Takatora didn't knock before entering Ryouma's office and laboratory. He didn't need to, Ryouma probably wouldn't hear it anyway. He was sitting with his back to the door, tapping away at one keyboard with his left hand, while his right navigated through a series of images that Takatora assumed were x-rays, or CT-scans, or some other scientific thing that he knew nothing about. 

He dispensed with a respectful greeting as well. Ryouma didn't appreciate wasted time. “You didn't come to the ceremony.”

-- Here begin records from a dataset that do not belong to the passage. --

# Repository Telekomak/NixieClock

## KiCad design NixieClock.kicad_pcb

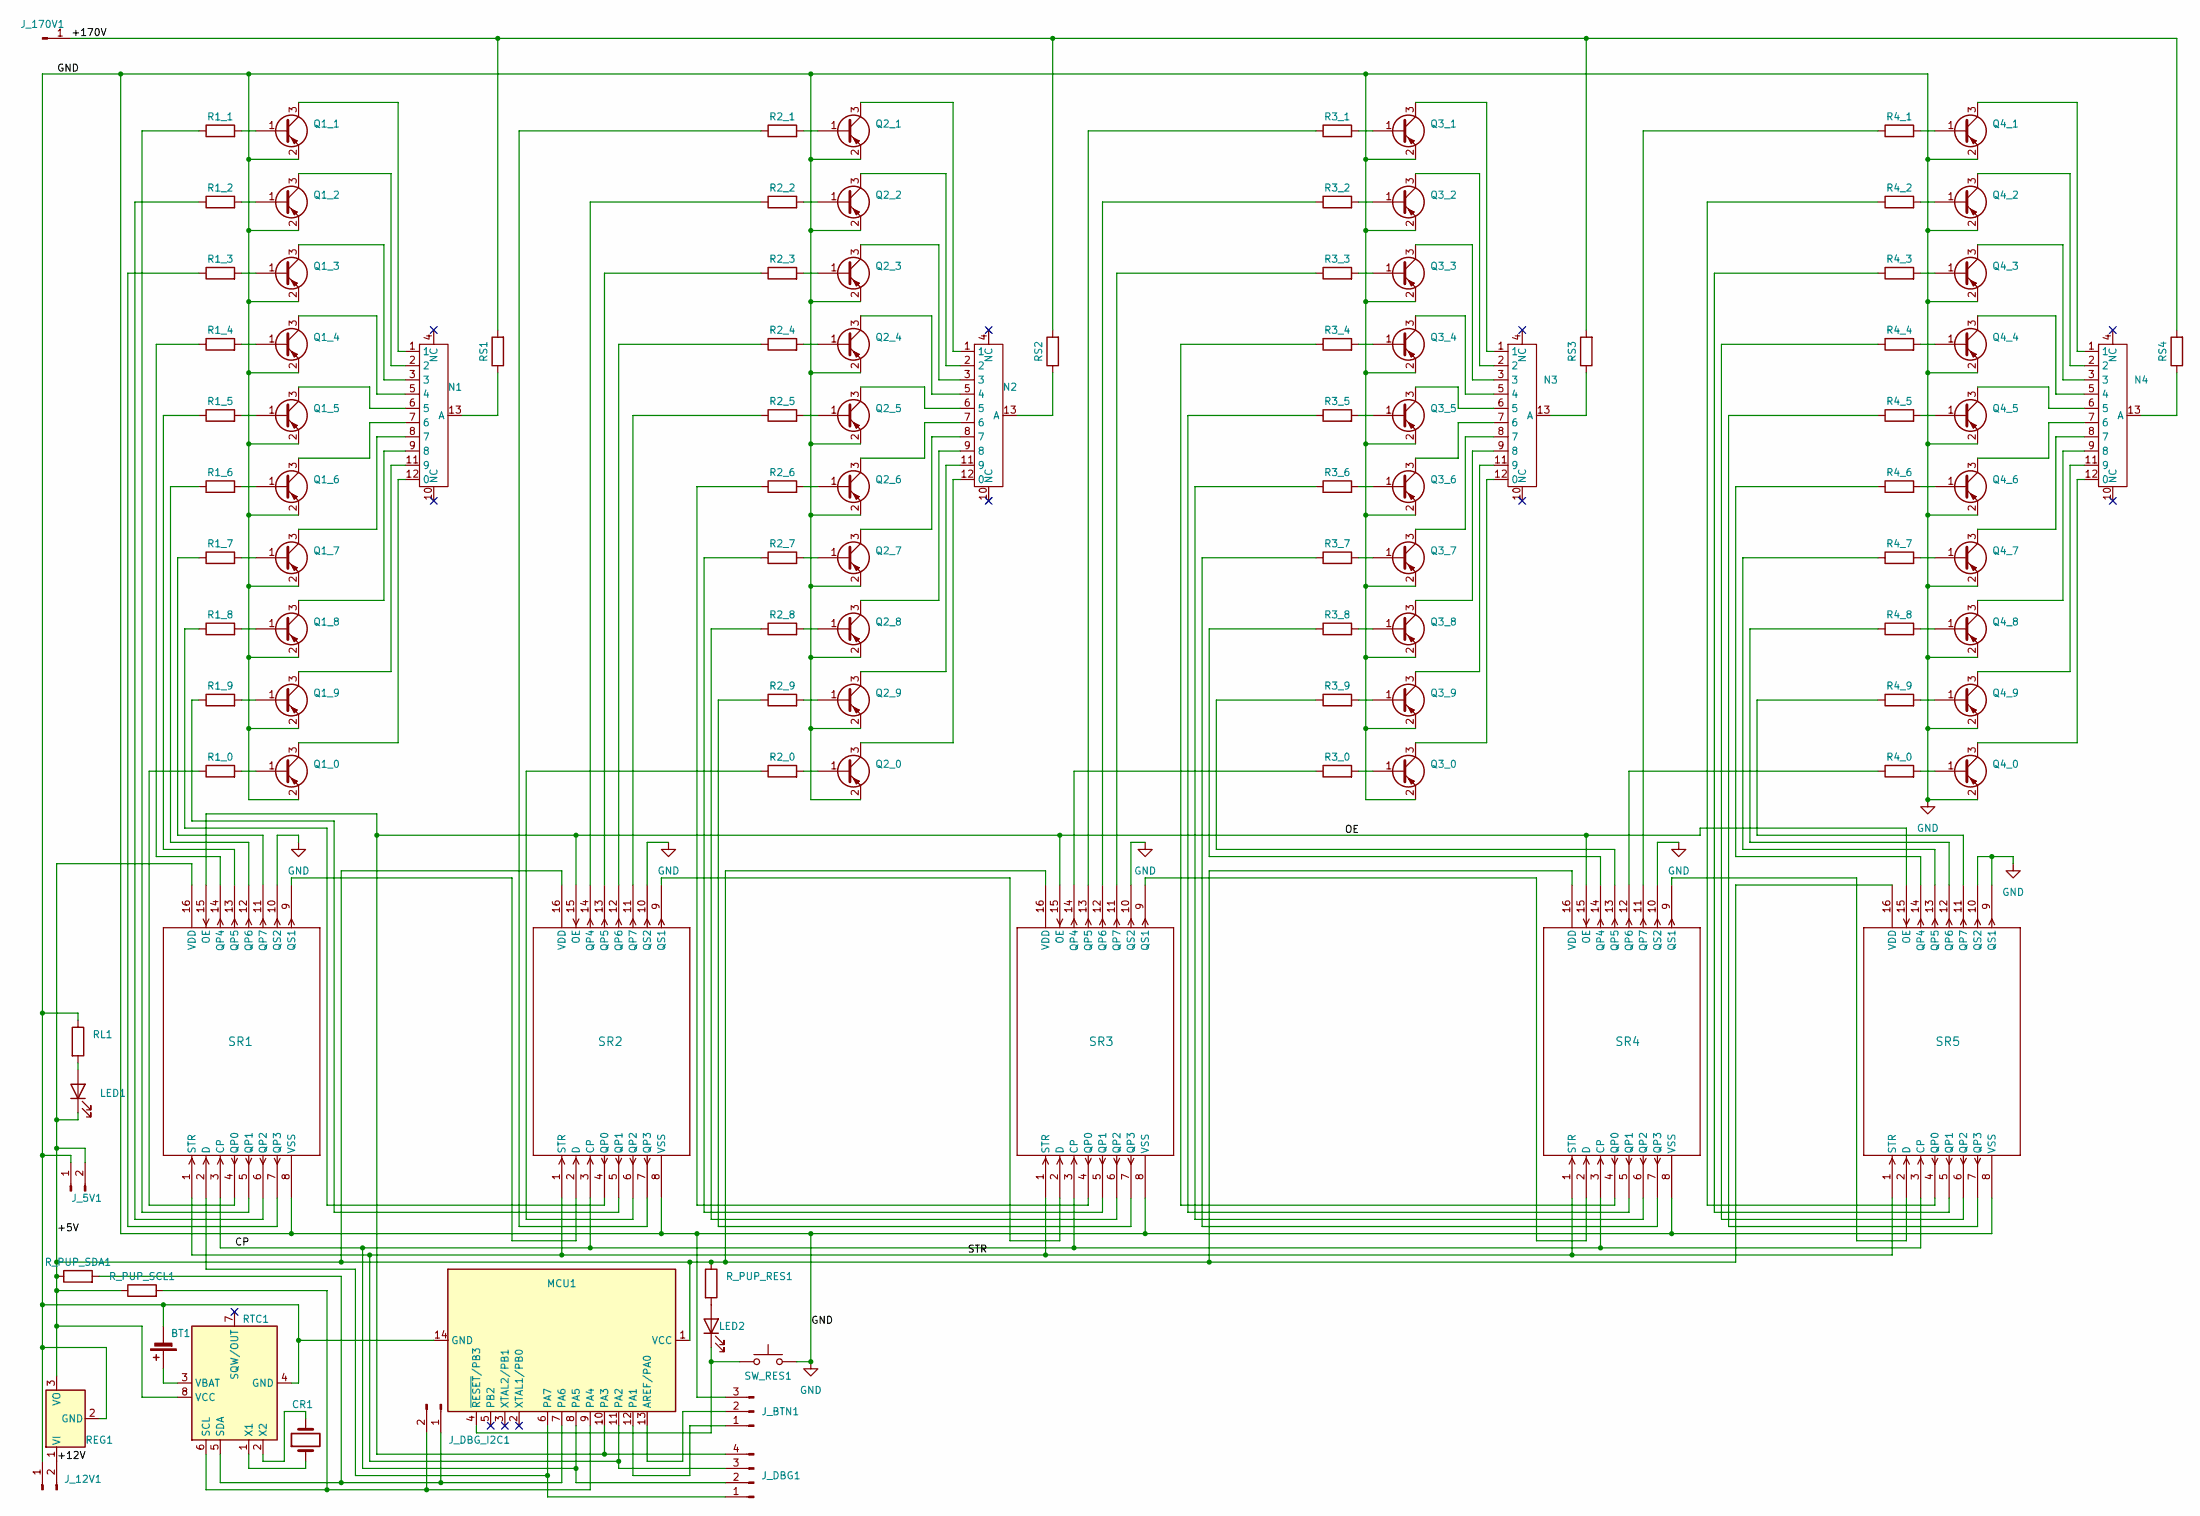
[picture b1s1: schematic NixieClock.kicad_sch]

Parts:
BT1: CR2032; CR20_holder
CR1: 32,768KHz; XTAL_AB38T-32.768KHZ
J_5V1, J_12V1: Conn_01x02_Pin; PinHeader_1x02_P2.54mm_Vertical
J_170V1: Conn_01x01_Pin; PinHeader_1x01_P2.54mm_Vertical
J_BTN1: Conn_01x03_Pin; PinHeader_1x03_P2.54mm_Vertical
J_DBG1: Conn_01x04_Pin; PinHeader_1x04_P2.54mm_Vertical
J_DBG_I2C1: Conn_01x02_Pin; PinHeader_1x02_P2.54mm_Vertical
LED1, LED2: LED; LED_1206_3216Metric_Pad1.42x1.75mm_HandSolder
MCU1: ATtiny24A-SS; SOIC-14_3.9x8.7mm_P1.27mm
N1, N2, N3, N4: Z570M
Q1_0, Q1_1, Q1_2, Q1_3, Q1_4, Q1_5, Q1_6, Q1_7, Q1_8, Q1_9, Q2_0, Q2_1, Q2_2, Q2_3, Q2_4, Q2_5, Q2_6, Q2_7, Q2_8, Q2_9, Q3_0, Q3_1, Q3_2, Q3_3, Q3_4, Q3_5, Q3_6, Q3_7, Q3_8, Q3_9, Q4_0, Q4_1, Q4_2, Q4_3, Q4_4, Q4_5, Q4_6, Q4_7, Q4_8, Q4_9: BC807; SOT-23_Handsoldering
R1_0, R1_1, R1_2, R1_3, R1_4, R1_5, R1_6, R1_7, R1_8, R1_9, R2_0, R2_1, R2_2, R2_3, R2_4, R2_5, R2_6, R2_7, R2_8, R2_9, R3_0, R3_1, R3_2, R3_3, R3_4, R3_5, R3_6, R3_7, R3_8, R3_9, R4_0, R4_1, R4_2, R4_3, R4_4, R4_5, R4_6, R4_7, R4_8, R4_9: 5K1; R_1206_3216Metric_Pad1.30x1.75mm_HandSolder
REG1: LF50CDT-TR; TO-252-2
RL1: 200; R_1206_3216Metric_Pad1.30x1.75mm_HandSolder
RS1, RS2, RS3, RS4: 82K; R_1206_3216Metric_Pad1.30x1.75mm_HandSolder
RTC1: DS1307+; DIP-8_W7.62mm_SMDSocket_SmallPads
R_PUP_RES1: 200; R_1206_3216Metric_Pad1.30x1.75mm_HandSolder
R_PUP_SCL1: 5K1; R_1206_3216Metric_Pad1.30x1.75mm_HandSolder
R_PUP_SDA1: 5K1; R_1206_3216Metric_Pad1.30x1.75mm_HandSolder
SR1, SR2, SR3, SR4, SR5: HEF4094BT; SOT109-1_NXP-M
SW_RES1: SW_Push; SW_TS1107GS

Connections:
/+5V: J_5V1.2, LED1.1 (K), MCU1.1 (VCC), REG1.3 (VO), RTC1.8 (VCC), R_PUP_RES1.1, R_PUP_SCL1.1, R_PUP_SDA1.1, SR1.16 (VDD), SR2.16 (VDD), SR3.16 (VDD), SR4.16 (VDD), SR5.16 (VDD)
/+12V: J_12V1.2, REG1.1 (VI)
/+170V: J_170V1.1, RS1.2, RS2.2, RS3.2, RS4.2
/CP: J_DBG1.2, MCU1.8 (PA5), SR1.3 (CP), SR2.3 (CP), SR3.3 (CP), SR4.3 (CP), SR5.3 (CP)
/OE: J_DBG1.4, MCU1.10 (PA3), SR1.15 (OE), SR2.15 (OE), SR3.15 (OE), SR4.15 (OE), SR5.15 (OE)
/STR: J_DBG1.3, MCU1.11 (PA2), SR1.1 (STR), SR2.1 (STR), SR3.1 (STR), SR4.1 (STR), SR5.1 (STR)
GND: BT1.2 (-), J_5V1.1, J_12V1.1, J_BTN1.3, MCU1.14 (GND), Q1_0.2 (E), Q1_1.2 (E), Q1_2.2 (E), Q1_3.2 (E), Q1_4.2 (E), Q1_5.2 (E), Q1_6.2 (E), Q1_7.2 (E), Q1_8.2 (E), Q1_9.2 (E), Q2_0.2 (E), Q2_1.2 (E), Q2_2.2 (E), Q2_3.2 (E), Q2_4.2 (E), Q2_5.2 (E), Q2_6.2 (E), Q2_7.2 (E), Q2_8.2 (E), Q2_9.2 (E), Q3_0.2 (E), Q3_1.2 (E), Q3_2.2 (E), Q3_3.2 (E), Q3_4.2 (E), Q3_5.2 (E), Q3_6.2 (E), Q3_7.2 (E), Q3_8.2 (E), Q3_9.2 (E), Q4_0.2 (E), Q4_1.2 (E), Q4_2.2 (E), Q4_3.2 (E), Q4_4.2 (E), Q4_5.2 (E), Q4_6.2 (E), Q4_7.2 (E), Q4_8.2 (E), Q4_9.2 (E), REG1.2 (GND), RL1.1, RTC1.4 (GND), SR1.8 (VSS), SR1.10 (QS2), SR2.8 (VSS), SR2.10 (QS2), SR3.8 (VSS), SR3.10 (QS2), SR4.8 (VSS), SR4.10 (QS2), SR5.8 (VSS), SR5.9 (QS1), SR5.10 (QS2), SW_RES1.2
unnamed: BT1.1 (+), RTC1.3 (VBAT)
unnamed: J_BTN1.1, MCU1.12 (PA1)
unnamed: J_BTN1.2, MCU1.13 (AREF/PA0)
unnamed: J_DBG1.1, MCU1.6 (PA7), SR1.2 (D)
unnamed: J_DBG_I2C1.1, MCU1.7 (PA6), RTC1.5 (SDA), R_PUP_SDA1.2
unnamed: J_DBG_I2C1.2, MCU1.9 (PA4), RTC1.6 (SCL), R_PUP_SCL1.2
unnamed: LED1.2 (A), RL1.2
unnamed: LED2.2 (A), R_PUP_RES1.2
unnamed: LED2.1 (K), MCU1.4 (~RESET/PB3), SW_RES1.1
unnamed: N1.12 (0), Q1_0.3 (C)
unnamed: N1.5 (4), Q1_4.3 (C)
unnamed: N1.6 (5), Q1_5.3 (C)
unnamed: N1.7 (6), Q1_6.3 (C)
unnamed: N1.8 (7), Q1_7.3 (C)
unnamed: N1.9 (8), Q1_8.3 (C)
unnamed: N1.11 (9), Q1_9.3 (C)
unnamed: N1.13 (A), RS1.1
unnamed: N2.12 (0), Q2_0.3 (C)
unnamed: N2.5 (4), Q2_4.3 (C)
unnamed: N2.6 (5), Q2_5.3 (C)
unnamed: N2.7 (6), Q2_6.3 (C)
unnamed: N2.8 (7), Q2_7.3 (C)
unnamed: N2.9 (8), Q2_8.3 (C)
unnamed: N2.11 (9), Q2_9.3 (C)
unnamed: N2.13 (A), RS2.1
unnamed: N3.12 (0), Q3_0.3 (C)
unnamed: N3.5 (4), Q3_4.3 (C)
unnamed: N3.6 (5), Q3_5.3 (C)
unnamed: N3.7 (6), Q3_6.3 (C)
unnamed: N3.8 (7), Q3_7.3 (C)
unnamed: N3.9 (8), Q3_8.3 (C)
unnamed: N3.11 (9), Q3_9.3 (C)
unnamed: N3.13 (A), RS3.1
unnamed: N4.12 (0), Q4_0.3 (C)
unnamed: N4.5 (4), Q4_4.3 (C)
unnamed: N4.6 (5), Q4_5.3 (C)
unnamed: N4.7 (6), Q4_6.3 (C)
unnamed: N4.8 (7), Q4_7.3 (C)
unnamed: N4.9 (8), Q4_8.3 (C)
unnamed: N4.11 (9), Q4_9.3 (C)
unnamed: N4.13 (A), RS4.1
unnamed: Q1_0.1 (B), R1_0.2
unnamed: Q1_1.1 (B), R1_1.2
unnamed: N1.1, Q1_1.3 (C)
unnamed: Q1_2.1 (B), R1_2.2
unnamed: N1.2, Q1_2.3 (C)
unnamed: Q1_3.1 (B), R1_3.2
unnamed: N1.3, Q1_3.3 (C)
unnamed: Q1_4.1 (B), R1_4.2
unnamed: Q1_5.1 (B), R1_5.2
unnamed: Q1_6.1 (B), R1_6.2
unnamed: Q1_7.1 (B), R1_7.2
unnamed: Q1_8.1 (B), R1_8.2
unnamed: Q1_9.1 (B), R1_9.2
unnamed: Q2_0.1 (B), R2_0.2
unnamed: Q2_1.1 (B), R2_1.2
unnamed: N2.1, Q2_1.3 (C)
unnamed: Q2_2.1 (B), R2_2.2
unnamed: N2.2, Q2_2.3 (C)
unnamed: Q2_3.1 (B), R2_3.2
unnamed: N2.3, Q2_3.3 (C)
unnamed: Q2_4.1 (B), R2_4.2
unnamed: Q2_5.1 (B), R2_5.2
unnamed: Q2_6.1 (B), R2_6.2
unnamed: Q2_7.1 (B), R2_7.2
unnamed: Q2_8.1 (B), R2_8.2
unnamed: Q2_9.1 (B), R2_9.2
unnamed: Q3_0.1 (B), R3_0.2
unnamed: Q3_1.1 (B), R3_1.2
unnamed: N3.1, Q3_1.3 (C)
unnamed: Q3_2.1 (B), R3_2.2
unnamed: N3.2, Q3_2.3 (C)
unnamed: Q3_3.1 (B), R3_3.2
unnamed: N3.3, Q3_3.3 (C)
unnamed: Q3_4.1 (B), R3_4.2
unnamed: Q3_5.1 (B), R3_5.2
unnamed: Q3_6.1 (B), R3_6.2
unnamed: Q3_7.1 (B), R3_7.2
unnamed: Q3_8.1 (B), R3_8.2
unnamed: Q3_9.1 (B), R3_9.2
unnamed: Q4_0.1 (B), R4_0.2
unnamed: Q4_1.1 (B), R4_1.2
unnamed: N4.1, Q4_1.3 (C)
unnamed: Q4_2.1 (B), R4_2.2
unnamed: N4.2, Q4_2.3 (C)
unnamed: Q4_3.1 (B), R4_3.2
unnamed: N4.3, Q4_3.3 (C)
unnamed: Q4_4.1 (B), R4_4.2
unnamed: Q4_5.1 (B), R4_5.2
unnamed: Q4_6.1 (B), R4_6.2
unnamed: Q4_7.1 (B), R4_7.2
unnamed: Q4_8.1 (B), R4_8.2
unnamed: Q4_9.1 (B), R4_9.2
unnamed: CR1.1, RTC1.1 (X1)
unnamed: CR1.2, RTC1.2 (X2)
unnamed: R1_0.1, SR1.4 (QP0)
unnamed: R1_1.1, SR1.5 (QP1)
unnamed: R1_2.1, SR1.6 (QP2)
unnamed: R1_3.1, SR1.7 (QP3)
unnamed: R1_4.1, SR1.14 (QP4)
unnamed: R1_5.1, SR1.13 (QP5)
unnamed: R1_6.1, SR1.12 (QP6)
unnamed: R1_7.1, SR1.11 (QP7)
unnamed: SR1.9 (QS1), SR2.2 (D)
unnamed: R1_8.1, SR2.4 (QP0)
unnamed: R1_9.1, SR2.5 (QP1)
unnamed: R2_0.1, SR2.6 (QP2)
unnamed: R2_1.1, SR2.7 (QP3)
unnamed: R2_2.1, SR2.14 (QP4)
unnamed: R2_3.1, SR2.13 (QP5)
unnamed: R2_4.1, SR2.12 (QP6)
unnamed: R2_5.1, SR2.11 (QP7)
unnamed: SR2.9 (QS1), SR3.2 (D)
unnamed: R2_6.1, SR3.4 (QP0)
unnamed: R2_7.1, SR3.5 (QP1)
unnamed: R2_8.1, SR3.6 (QP2)
unnamed: R2_9.1, SR3.7 (QP3)
unnamed: R3_0.1, SR3.14 (QP4)
unnamed: R3_1.1, SR3.13 (QP5)
unnamed: R3_2.1, SR3.12 (QP6)
unnamed: R3_3.1, SR3.11 (QP7)
unnamed: SR3.9 (QS1), SR4.2 (D)
unnamed: R3_4.1, SR4.4 (QP0)
unnamed: R3_5.1, SR4.5 (QP1)
unnamed: R3_6.1, SR4.6 (QP2)
unnamed: R3_7.1, SR4.7 (QP3)
unnamed: R3_8.1, SR4.14 (QP4)
unnamed: R3_9.1, SR4.13 (QP5)
unnamed: R4_0.1, SR4.12 (QP6)
unnamed: R4_1.1, SR4.11 (QP7)
unnamed: SR4.9 (QS1), SR5.2 (D)
unnamed: R4_2.1, SR5.4 (QP0)
unnamed: R4_3.1, SR5.5 (QP1)
unnamed: R4_4.1, SR5.6 (QP2)
unnamed: R4_5.1, SR5.7 (QP3)
unnamed: R4_6.1, SR5.14 (QP4)
unnamed: R4_7.1, SR5.13 (QP5)
unnamed: R4_8.1, SR5.12 (QP6)
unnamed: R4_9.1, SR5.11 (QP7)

“Hm?” Ryouma didn't even turn around, his hands didn't slow for a moment. Takatora unbuttoned his suit coat but he didn't take it off. It was unreasonably cold in Ryouma's office, and he turned around again, looking for the thermostat. 

“The Coming of Age ceremony was today. Or did you not realize that today was the fourteenth?” Takatora found the thermostat behind a chalkboard covered in scribbles that were as good as arcane to Takatora. He inched it back away from the wall to turn the heat up somewhat. 

“Ah, no, I didn't.” Ryouma responded in his typical distracted way. “Was it fun?” 

“In a manner of speaking.” Takatora chose to respond, though he knew Ryouma was only asking out of conversational convention and not actual interest. “Mitsuzane came.” He crossed back to the desk where Ryouma sat, leaning back against the corner and slipping his hands into his pockets. “You should have been there.”

“It's a mere cultural convention, Takatora. By international standards and by my own experience, I have come of age three times already, at the very least.”

“You have not.” Takatora didn't actually disbelieve him, he was just hoping that he might be able to draw Ryouma away from his work and actually look at him if he got him ensnared in debate.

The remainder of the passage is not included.